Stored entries
----------------

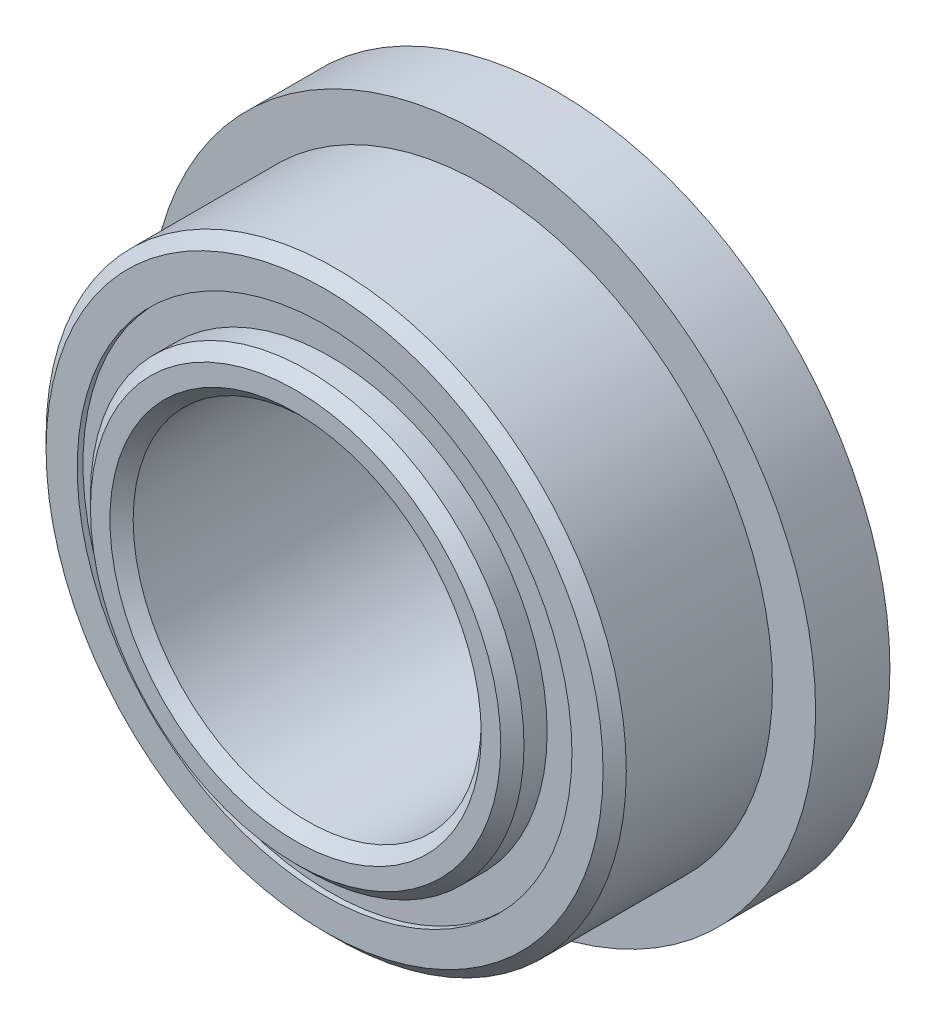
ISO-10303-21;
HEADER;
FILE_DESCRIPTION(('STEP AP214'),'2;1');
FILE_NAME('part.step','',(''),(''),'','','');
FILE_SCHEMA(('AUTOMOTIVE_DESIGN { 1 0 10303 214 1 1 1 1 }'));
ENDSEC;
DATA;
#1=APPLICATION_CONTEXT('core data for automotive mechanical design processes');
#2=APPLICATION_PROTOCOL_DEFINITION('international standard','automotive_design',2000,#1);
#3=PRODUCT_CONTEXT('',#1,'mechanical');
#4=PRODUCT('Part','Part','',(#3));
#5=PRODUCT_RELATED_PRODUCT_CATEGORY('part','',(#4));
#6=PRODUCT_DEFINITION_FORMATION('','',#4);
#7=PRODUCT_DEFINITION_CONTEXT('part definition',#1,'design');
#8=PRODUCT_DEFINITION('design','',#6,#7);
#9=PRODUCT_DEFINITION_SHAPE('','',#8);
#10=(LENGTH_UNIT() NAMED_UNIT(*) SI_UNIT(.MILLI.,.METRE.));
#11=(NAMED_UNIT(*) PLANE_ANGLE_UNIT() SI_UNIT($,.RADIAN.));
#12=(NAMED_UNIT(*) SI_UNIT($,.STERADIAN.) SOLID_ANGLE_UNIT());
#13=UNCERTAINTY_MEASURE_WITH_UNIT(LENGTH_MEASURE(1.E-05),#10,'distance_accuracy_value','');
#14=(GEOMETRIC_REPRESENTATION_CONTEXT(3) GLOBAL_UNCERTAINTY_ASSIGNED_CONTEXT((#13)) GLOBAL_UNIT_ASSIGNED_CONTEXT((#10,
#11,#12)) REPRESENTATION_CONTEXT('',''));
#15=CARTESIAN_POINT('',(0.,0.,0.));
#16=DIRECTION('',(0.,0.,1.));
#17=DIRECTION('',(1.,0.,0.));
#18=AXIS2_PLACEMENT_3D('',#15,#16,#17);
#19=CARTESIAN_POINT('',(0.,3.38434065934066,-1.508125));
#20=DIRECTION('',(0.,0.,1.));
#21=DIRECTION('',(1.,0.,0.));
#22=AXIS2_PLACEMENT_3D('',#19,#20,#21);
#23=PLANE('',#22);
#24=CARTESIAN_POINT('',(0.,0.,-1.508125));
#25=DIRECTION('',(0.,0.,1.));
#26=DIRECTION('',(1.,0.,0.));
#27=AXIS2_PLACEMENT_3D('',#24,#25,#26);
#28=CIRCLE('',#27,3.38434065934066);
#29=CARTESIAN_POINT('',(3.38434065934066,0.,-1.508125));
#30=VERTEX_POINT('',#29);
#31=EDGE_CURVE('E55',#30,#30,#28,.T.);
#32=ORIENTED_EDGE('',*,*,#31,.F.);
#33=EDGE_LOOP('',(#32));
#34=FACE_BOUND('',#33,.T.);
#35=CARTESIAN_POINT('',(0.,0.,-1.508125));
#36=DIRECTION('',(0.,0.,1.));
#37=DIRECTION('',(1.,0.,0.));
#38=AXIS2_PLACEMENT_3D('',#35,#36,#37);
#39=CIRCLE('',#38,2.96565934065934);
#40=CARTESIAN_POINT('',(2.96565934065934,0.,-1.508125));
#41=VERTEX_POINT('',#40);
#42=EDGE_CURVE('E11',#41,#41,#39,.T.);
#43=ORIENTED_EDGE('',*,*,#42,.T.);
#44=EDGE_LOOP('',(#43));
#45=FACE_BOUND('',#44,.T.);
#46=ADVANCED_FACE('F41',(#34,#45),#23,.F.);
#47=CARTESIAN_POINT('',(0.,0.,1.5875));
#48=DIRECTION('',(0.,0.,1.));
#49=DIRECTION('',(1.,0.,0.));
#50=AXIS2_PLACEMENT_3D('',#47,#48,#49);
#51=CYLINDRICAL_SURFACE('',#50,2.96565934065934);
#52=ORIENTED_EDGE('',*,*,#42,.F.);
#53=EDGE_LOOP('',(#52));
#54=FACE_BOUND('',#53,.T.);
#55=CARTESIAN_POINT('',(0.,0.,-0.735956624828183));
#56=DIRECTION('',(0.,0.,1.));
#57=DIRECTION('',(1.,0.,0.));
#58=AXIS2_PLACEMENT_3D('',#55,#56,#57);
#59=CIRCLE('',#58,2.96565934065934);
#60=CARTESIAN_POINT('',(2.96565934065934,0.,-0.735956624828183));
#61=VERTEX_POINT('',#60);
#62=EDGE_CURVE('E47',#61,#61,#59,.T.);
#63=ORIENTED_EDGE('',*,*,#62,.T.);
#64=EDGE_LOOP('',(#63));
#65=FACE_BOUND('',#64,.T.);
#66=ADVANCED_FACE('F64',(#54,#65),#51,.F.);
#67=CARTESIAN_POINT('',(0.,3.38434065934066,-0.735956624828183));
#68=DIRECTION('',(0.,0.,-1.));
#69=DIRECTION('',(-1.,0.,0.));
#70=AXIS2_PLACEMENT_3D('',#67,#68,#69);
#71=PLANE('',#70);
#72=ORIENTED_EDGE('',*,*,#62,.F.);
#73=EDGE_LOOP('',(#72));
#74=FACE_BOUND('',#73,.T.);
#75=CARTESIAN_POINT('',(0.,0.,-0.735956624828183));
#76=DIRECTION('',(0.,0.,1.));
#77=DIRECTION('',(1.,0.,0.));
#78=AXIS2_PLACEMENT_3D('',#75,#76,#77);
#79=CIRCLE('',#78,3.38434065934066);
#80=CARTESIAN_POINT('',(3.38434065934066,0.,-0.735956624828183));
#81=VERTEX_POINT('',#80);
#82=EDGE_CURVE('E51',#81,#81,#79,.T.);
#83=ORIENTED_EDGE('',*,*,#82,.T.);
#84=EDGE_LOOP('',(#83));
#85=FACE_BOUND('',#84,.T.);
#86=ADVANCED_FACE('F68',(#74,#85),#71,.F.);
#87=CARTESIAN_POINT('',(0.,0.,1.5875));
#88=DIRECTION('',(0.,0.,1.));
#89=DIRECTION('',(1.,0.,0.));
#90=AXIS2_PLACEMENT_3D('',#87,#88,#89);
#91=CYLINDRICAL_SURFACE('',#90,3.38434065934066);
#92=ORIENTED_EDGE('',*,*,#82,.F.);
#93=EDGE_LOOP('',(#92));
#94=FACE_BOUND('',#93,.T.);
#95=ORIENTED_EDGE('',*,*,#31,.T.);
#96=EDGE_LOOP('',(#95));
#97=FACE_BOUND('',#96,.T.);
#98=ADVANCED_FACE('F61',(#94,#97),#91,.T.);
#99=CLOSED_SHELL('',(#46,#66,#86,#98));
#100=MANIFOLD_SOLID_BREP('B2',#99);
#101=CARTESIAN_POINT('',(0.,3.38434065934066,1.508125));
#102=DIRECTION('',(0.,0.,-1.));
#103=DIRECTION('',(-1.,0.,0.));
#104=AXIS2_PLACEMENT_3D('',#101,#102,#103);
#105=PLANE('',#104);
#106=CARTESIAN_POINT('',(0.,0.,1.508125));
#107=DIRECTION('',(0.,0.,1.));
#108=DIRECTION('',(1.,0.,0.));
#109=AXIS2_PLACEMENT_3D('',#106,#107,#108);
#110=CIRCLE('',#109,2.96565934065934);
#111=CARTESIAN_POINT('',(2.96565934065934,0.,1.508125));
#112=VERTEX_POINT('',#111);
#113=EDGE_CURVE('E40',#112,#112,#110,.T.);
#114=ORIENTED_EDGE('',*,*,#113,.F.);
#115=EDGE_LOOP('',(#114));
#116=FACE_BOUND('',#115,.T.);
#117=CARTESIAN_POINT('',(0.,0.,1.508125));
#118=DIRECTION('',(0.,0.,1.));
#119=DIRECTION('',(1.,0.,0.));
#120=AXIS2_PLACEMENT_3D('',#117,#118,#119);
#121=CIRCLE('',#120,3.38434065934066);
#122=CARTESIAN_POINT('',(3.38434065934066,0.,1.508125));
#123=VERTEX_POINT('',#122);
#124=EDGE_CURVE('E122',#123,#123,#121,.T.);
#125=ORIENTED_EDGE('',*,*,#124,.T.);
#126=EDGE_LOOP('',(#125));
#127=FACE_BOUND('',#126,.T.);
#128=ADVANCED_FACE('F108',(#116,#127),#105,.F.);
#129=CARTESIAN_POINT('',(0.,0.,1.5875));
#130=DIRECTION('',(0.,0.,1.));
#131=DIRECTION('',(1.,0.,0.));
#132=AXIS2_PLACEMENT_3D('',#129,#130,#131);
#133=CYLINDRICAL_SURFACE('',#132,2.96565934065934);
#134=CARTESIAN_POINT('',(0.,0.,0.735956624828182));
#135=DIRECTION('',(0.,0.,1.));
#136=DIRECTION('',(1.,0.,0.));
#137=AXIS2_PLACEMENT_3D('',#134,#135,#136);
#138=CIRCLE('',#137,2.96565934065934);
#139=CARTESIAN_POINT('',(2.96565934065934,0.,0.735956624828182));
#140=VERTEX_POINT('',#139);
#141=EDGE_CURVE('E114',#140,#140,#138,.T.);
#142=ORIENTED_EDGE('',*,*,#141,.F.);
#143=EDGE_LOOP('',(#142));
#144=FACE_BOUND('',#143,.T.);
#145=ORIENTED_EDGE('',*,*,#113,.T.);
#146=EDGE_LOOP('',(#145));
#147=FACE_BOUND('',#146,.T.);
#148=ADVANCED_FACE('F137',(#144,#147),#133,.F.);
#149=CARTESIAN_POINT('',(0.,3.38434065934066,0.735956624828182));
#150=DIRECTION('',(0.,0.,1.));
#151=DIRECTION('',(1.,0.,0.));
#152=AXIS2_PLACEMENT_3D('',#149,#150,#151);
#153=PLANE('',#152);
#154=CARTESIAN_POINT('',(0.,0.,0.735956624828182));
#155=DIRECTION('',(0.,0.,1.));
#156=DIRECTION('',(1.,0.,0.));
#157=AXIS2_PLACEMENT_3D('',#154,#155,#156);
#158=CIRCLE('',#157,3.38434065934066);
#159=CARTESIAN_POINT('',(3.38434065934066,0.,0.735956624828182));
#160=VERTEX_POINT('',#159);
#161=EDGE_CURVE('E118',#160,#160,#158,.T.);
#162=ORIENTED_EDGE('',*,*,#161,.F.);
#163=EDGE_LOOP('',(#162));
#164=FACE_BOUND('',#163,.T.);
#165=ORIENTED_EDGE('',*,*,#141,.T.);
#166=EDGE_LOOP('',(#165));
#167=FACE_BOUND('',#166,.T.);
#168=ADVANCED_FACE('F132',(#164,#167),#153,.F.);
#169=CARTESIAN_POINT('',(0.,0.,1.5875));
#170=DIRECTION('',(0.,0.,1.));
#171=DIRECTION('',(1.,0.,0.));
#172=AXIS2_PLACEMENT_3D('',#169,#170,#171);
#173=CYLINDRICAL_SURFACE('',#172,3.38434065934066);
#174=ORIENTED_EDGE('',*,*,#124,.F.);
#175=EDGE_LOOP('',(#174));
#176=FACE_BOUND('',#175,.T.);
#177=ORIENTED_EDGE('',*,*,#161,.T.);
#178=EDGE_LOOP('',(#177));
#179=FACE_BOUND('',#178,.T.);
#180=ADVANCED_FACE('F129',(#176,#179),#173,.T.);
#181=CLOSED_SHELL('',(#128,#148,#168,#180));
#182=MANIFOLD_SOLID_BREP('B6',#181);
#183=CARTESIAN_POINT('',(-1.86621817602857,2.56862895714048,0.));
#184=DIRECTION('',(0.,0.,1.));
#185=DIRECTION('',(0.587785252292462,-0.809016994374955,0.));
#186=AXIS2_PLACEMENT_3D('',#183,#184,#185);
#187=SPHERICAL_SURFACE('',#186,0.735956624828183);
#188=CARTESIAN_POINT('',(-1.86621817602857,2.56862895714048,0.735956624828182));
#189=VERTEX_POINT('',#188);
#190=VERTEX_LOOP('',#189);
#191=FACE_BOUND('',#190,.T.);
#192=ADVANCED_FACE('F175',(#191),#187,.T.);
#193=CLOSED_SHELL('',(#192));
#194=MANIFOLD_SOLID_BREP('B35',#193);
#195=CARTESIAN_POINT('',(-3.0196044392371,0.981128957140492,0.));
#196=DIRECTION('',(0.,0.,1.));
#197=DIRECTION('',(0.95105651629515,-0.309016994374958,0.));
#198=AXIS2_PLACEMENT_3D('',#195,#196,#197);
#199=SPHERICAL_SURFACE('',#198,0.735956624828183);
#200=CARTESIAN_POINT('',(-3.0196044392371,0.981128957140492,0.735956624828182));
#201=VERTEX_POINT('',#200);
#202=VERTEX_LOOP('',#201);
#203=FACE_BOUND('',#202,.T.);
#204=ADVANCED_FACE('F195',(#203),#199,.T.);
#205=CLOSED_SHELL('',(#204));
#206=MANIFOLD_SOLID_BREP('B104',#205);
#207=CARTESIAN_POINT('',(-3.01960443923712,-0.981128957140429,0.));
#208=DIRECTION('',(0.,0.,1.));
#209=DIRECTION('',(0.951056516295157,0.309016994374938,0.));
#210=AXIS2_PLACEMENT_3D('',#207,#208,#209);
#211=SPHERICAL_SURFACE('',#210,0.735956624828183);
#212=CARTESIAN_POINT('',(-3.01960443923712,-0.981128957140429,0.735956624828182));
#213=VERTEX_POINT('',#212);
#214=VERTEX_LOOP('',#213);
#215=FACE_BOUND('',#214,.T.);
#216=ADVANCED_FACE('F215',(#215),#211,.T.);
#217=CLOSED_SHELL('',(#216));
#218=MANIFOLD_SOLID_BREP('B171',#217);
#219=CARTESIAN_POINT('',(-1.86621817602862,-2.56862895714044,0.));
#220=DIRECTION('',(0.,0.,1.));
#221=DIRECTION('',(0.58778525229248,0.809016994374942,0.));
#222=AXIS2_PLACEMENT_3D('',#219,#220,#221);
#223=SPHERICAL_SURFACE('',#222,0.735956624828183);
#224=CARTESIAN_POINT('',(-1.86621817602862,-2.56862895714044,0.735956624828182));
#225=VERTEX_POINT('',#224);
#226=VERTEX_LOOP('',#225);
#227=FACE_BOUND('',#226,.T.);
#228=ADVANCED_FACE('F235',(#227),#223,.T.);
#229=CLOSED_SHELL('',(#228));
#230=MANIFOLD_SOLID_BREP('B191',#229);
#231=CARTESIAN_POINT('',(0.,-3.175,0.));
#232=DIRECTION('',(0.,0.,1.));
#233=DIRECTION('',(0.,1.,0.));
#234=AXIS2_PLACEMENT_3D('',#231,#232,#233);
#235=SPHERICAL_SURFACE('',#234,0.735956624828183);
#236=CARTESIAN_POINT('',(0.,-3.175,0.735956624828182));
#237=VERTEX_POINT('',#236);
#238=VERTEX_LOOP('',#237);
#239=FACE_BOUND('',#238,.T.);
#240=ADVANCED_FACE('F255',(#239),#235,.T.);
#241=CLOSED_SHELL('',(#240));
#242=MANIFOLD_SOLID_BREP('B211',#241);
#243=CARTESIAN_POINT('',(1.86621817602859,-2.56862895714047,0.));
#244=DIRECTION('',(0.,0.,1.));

----------------

With all pictures removed, reproduce the lines from the top of the entries above through the line containing "#10=(LENGTH_UNIT() NAMED_UNIT(*) SI_UNIT(.MILLI.,.METRE.));", exactly as written.

## Exercise answer
ISO-10303-21;
HEADER;
FILE_DESCRIPTION(('STEP AP214'),'2;1');
FILE_NAME('part.step','',(''),(''),'','','');
FILE_SCHEMA(('AUTOMOTIVE_DESIGN { 1 0 10303 214 1 1 1 1 }'));
ENDSEC;
DATA;
#1=APPLICATION_CONTEXT('core data for automotive mechanical design processes');
#2=APPLICATION_PROTOCOL_DEFINITION('international standard','automotive_design',2000,#1);
#3=PRODUCT_CONTEXT('',#1,'mechanical');
#4=PRODUCT('Part','Part','',(#3));
#5=PRODUCT_RELATED_PRODUCT_CATEGORY('part','',(#4));
#6=PRODUCT_DEFINITION_FORMATION('','',#4);
#7=PRODUCT_DEFINITION_CONTEXT('part definition',#1,'design');
#8=PRODUCT_DEFINITION('design','',#6,#7);
#9=PRODUCT_DEFINITION_SHAPE('','',#8);
#10=(LENGTH_UNIT() NAMED_UNIT(*) SI_UNIT(.MILLI.,.METRE.));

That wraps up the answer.